— YOUR ASSIGNMENT —
Only the pictures are dropped. Restate each line below word for word.

— Stored records —
-------

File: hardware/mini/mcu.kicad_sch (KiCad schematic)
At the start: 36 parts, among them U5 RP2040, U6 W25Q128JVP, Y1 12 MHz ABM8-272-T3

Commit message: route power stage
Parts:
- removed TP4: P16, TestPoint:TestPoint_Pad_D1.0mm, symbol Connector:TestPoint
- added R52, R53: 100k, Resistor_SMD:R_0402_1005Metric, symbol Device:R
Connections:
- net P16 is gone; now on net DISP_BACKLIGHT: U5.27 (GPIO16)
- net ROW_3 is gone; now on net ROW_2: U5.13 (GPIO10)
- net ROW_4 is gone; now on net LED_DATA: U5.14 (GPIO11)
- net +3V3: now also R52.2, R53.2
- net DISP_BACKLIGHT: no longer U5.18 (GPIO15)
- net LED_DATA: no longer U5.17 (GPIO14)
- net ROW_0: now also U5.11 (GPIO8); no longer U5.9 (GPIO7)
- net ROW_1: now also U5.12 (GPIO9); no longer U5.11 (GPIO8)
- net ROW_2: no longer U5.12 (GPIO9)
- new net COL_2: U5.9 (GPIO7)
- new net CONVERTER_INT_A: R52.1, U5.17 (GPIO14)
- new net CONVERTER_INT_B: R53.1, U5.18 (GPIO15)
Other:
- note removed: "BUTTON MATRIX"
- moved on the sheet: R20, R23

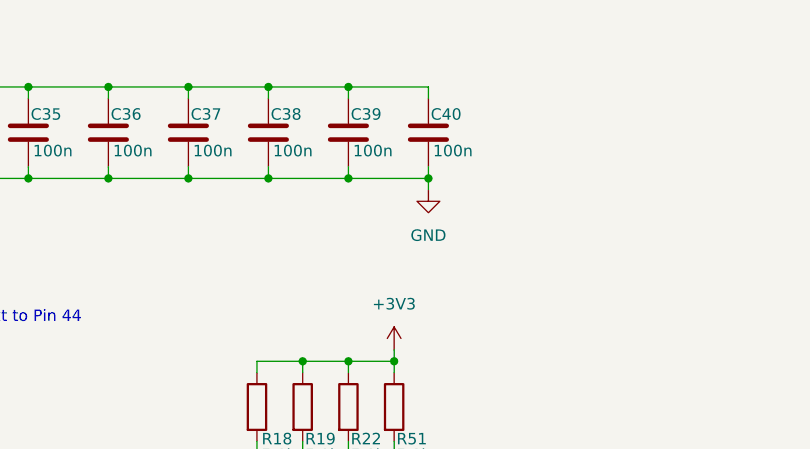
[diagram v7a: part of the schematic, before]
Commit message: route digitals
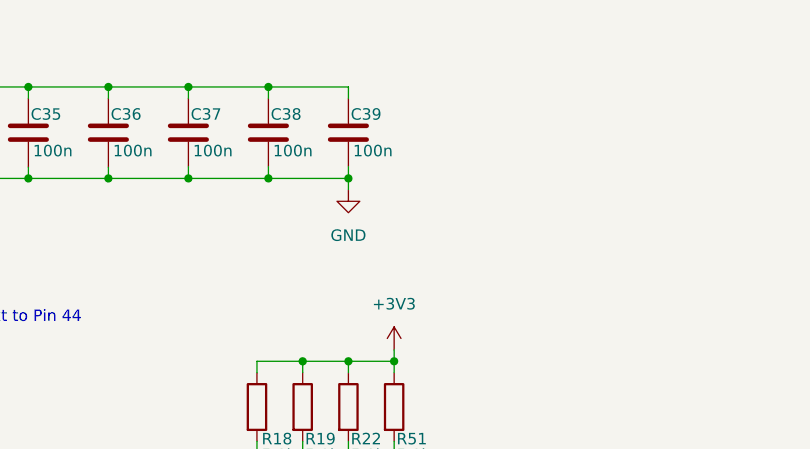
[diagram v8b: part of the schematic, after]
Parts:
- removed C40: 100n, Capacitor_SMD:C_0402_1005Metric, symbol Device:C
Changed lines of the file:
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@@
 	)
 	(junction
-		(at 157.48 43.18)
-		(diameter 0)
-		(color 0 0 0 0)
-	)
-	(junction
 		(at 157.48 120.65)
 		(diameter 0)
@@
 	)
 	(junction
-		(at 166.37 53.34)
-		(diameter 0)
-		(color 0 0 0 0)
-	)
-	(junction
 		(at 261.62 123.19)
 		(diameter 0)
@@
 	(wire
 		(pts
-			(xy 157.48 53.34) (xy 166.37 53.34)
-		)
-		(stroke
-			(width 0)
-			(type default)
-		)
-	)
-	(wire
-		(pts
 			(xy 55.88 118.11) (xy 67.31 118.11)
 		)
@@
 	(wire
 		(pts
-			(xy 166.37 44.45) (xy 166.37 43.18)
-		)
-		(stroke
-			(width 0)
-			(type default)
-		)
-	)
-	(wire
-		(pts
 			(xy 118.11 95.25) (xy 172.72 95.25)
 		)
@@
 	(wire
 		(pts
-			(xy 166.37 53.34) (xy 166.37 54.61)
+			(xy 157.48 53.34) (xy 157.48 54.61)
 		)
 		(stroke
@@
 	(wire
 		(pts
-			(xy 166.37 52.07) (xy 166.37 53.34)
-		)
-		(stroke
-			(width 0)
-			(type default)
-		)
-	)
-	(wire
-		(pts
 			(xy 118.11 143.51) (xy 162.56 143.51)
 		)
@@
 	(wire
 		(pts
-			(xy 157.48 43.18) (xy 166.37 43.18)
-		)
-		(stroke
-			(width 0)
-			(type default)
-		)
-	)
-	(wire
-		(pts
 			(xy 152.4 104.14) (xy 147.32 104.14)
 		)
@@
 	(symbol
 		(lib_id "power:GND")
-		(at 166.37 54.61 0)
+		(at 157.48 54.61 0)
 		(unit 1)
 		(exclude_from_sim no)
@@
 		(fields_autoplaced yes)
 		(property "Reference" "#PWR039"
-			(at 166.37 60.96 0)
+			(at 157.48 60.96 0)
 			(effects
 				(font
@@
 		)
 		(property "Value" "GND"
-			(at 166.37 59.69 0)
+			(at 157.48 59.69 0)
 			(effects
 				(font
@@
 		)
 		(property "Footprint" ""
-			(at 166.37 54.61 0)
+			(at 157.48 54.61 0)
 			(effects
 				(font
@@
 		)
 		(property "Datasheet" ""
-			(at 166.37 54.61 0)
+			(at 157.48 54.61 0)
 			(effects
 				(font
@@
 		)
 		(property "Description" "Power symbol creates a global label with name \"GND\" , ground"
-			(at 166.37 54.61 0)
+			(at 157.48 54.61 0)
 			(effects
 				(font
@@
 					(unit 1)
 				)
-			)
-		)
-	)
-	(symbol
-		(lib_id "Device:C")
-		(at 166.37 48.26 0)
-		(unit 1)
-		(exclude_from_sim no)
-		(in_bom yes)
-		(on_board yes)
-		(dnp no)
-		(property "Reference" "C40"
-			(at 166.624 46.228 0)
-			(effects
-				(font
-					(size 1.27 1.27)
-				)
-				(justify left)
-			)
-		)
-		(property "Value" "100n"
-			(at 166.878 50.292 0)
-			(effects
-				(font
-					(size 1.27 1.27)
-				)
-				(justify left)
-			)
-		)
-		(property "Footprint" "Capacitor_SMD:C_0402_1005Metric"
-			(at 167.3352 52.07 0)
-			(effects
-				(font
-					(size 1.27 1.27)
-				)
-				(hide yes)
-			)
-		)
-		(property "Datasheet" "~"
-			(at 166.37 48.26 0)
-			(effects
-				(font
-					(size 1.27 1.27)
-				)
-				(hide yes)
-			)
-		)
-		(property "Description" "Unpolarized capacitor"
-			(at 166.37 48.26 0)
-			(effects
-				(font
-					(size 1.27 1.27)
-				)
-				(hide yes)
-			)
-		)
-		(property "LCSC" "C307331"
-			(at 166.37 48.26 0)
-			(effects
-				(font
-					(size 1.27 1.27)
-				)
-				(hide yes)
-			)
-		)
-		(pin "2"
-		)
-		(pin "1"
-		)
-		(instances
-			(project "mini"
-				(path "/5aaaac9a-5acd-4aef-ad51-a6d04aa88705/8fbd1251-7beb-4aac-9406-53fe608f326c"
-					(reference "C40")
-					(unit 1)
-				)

-------

— WRITTEN RESPONSE —
File: hardware/mini/mcu.kicad_sch (KiCad schematic)
At the start: 36 parts, among them U5 RP2040, U6 W25Q128JVP, Y1 12 MHz ABM8-272-T3

Commit message: route power stage
Parts:
- removed TP4: P16, TestPoint:TestPoint_Pad_D1.0mm, symbol Connector:TestPoint
- added R52, R53: 100k, Resistor_SMD:R_0402_1005Metric, symbol Device:R
Connections:
- net P16 is gone; now on net DISP_BACKLIGHT: U5.27 (GPIO16)
- net ROW_3 is gone; now on net ROW_2: U5.13 (GPIO10)
- net ROW_4 is gone; now on net LED_DATA: U5.14 (GPIO11)
- net +3V3: now also R52.2, R53.2
- net DISP_BACKLIGHT: no longer U5.18 (GPIO15)
- net LED_DATA: no longer U5.17 (GPIO14)
- net ROW_0: now also U5.11 (GPIO8); no longer U5.9 (GPIO7)
- net ROW_1: now also U5.12 (GPIO9); no longer U5.11 (GPIO8)
- net ROW_2: no longer U5.12 (GPIO9)
- new net COL_2: U5.9 (GPIO7)
- new net CONVERTER_INT_A: R52.1, U5.17 (GPIO14)
- new net CONVERTER_INT_B: R53.1, U5.18 (GPIO15)
Other:
- note removed: "BUTTON MATRIX"
- moved on the sheet: R20, R23

[diagram v7a: part of the schematic, before]
Commit message: route digitals
[diagram v8b: part of the schematic, after]
Parts:
- removed C40: 100n, Capacitor_SMD:C_0402_1005Metric, symbol Device:C
Changed lines of the file:
@@
 	)
 	(junction
-		(at 157.48 43.18)
-		(diameter 0)
-		(color 0 0 0 0)
-	)
-	(junction
 		(at 157.48 120.65)
 		(diameter 0)
@@
 	)
 	(junction
-		(at 166.37 53.34)
-		(diameter 0)
-		(color 0 0 0 0)
-	)
-	(junction
 		(at 261.62 123.19)
 		(diameter 0)
@@
 	(wire
 		(pts
-			(xy 157.48 53.34) (xy 166.37 53.34)
-		)
-		(stroke
-			(width 0)
-			(type default)
-		)
-	)
-	(wire
-		(pts
 			(xy 55.88 118.11) (xy 67.31 118.11)
 		)
@@
 	(wire
 		(pts
-			(xy 166.37 44.45) (xy 166.37 43.18)
-		)
-		(stroke
-			(width 0)
-			(type default)
-		)
-	)
-	(wire
-		(pts
 			(xy 118.11 95.25) (xy 172.72 95.25)
 		)
@@
 	(wire
 		(pts
-			(xy 166.37 53.34) (xy 166.37 54.61)
+			(xy 157.48 53.34) (xy 157.48 54.61)
 		)
 		(stroke
@@
 	(wire
 		(pts
-			(xy 166.37 52.07) (xy 166.37 53.34)
-		)
-		(stroke
-			(width 0)
-			(type default)
-		)
-	)
-	(wire
-		(pts
 			(xy 118.11 143.51) (xy 162.56 143.51)
 		)
@@
 	(wire
 		(pts
-			(xy 157.48 43.18) (xy 166.37 43.18)
-		)
-		(stroke
-			(width 0)
-			(type default)
-		)
-	)
-	(wire
-		(pts
 			(xy 152.4 104.14) (xy 147.32 104.14)
 		)
@@
 	(symbol
 		(lib_id "power:GND")
-		(at 166.37 54.61 0)
+		(at 157.48 54.61 0)
 		(unit 1)
 		(exclude_from_sim no)
@@
 		(fields_autoplaced yes)
 		(property "Reference" "#PWR039"
-			(at 166.37 60.96 0)
+			(at 157.48 60.96 0)
 			(effects
 				(font
@@
 		)
 		(property "Value" "GND"
-			(at 166.37 59.69 0)
+			(at 157.48 59.69 0)
 			(effects
 				(font
@@
 		)
 		(property "Footprint" ""
-			(at 166.37 54.61 0)
+			(at 157.48 54.61 0)
 			(effects
 				(font
@@
 		)
 		(property "Datasheet" ""
-			(at 166.37 54.61 0)
+			(at 157.48 54.61 0)
 			(effects
 				(font
@@
 		)
 		(property "Description" "Power symbol creates a global label with name \"GND\" , ground"
-			(at 166.37 54.61 0)
+			(at 157.48 54.61 0)
 			(effects
 				(font
@@
 					(unit 1)
 				)
-			)
-		)
-	)
-	(symbol
-		(lib_id "Device:C")
-		(at 166.37 48.26 0)
-		(unit 1)
-		(exclude_from_sim no)
-		(in_bom yes)
-		(on_board yes)
-		(dnp no)
-		(property "Reference" "C40"
-			(at 166.624 46.228 0)
-			(effects
-				(font
-					(size 1.27 1.27)
-				)
-				(justify left)
-			)
-		)
-		(property "Value" "100n"
-			(at 166.878 50.292 0)
-			(effects
-				(font
-					(size 1.27 1.27)
-				)
-				(justify left)
-			)
-		)
-		(property "Footprint" "Capacitor_SMD:C_0402_1005Metric"
-			(at 167.3352 52.07 0)
-			(effects
-				(font
-					(size 1.27 1.27)
-				)
-				(hide yes)
-			)
-		)
-		(property "Datasheet" "~"
-			(at 166.37 48.26 0)
-			(effects
-				(font
-					(size 1.27 1.27)
-				)
-				(hide yes)
-			)
-		)
-		(property "Description" "Unpolarized capacitor"
-			(at 166.37 48.26 0)
-			(effects
-				(font
-					(size 1.27 1.27)
-				)
-				(hide yes)
-			)
-		)
-		(property "LCSC" "C307331"
-			(at 166.37 48.26 0)
-			(effects
-				(font
-					(size 1.27 1.27)
-				)
-				(hide yes)
-			)
-		)
-		(pin "2"
-		)
-		(pin "1"
-		)
-		(instances
-			(project "mini"
-				(path "/5aaaac9a-5acd-4aef-ad51-a6d04aa88705/8fbd1251-7beb-4aac-9406-53fe608f326c"
-					(reference "C40")
-					(unit 1)
-				)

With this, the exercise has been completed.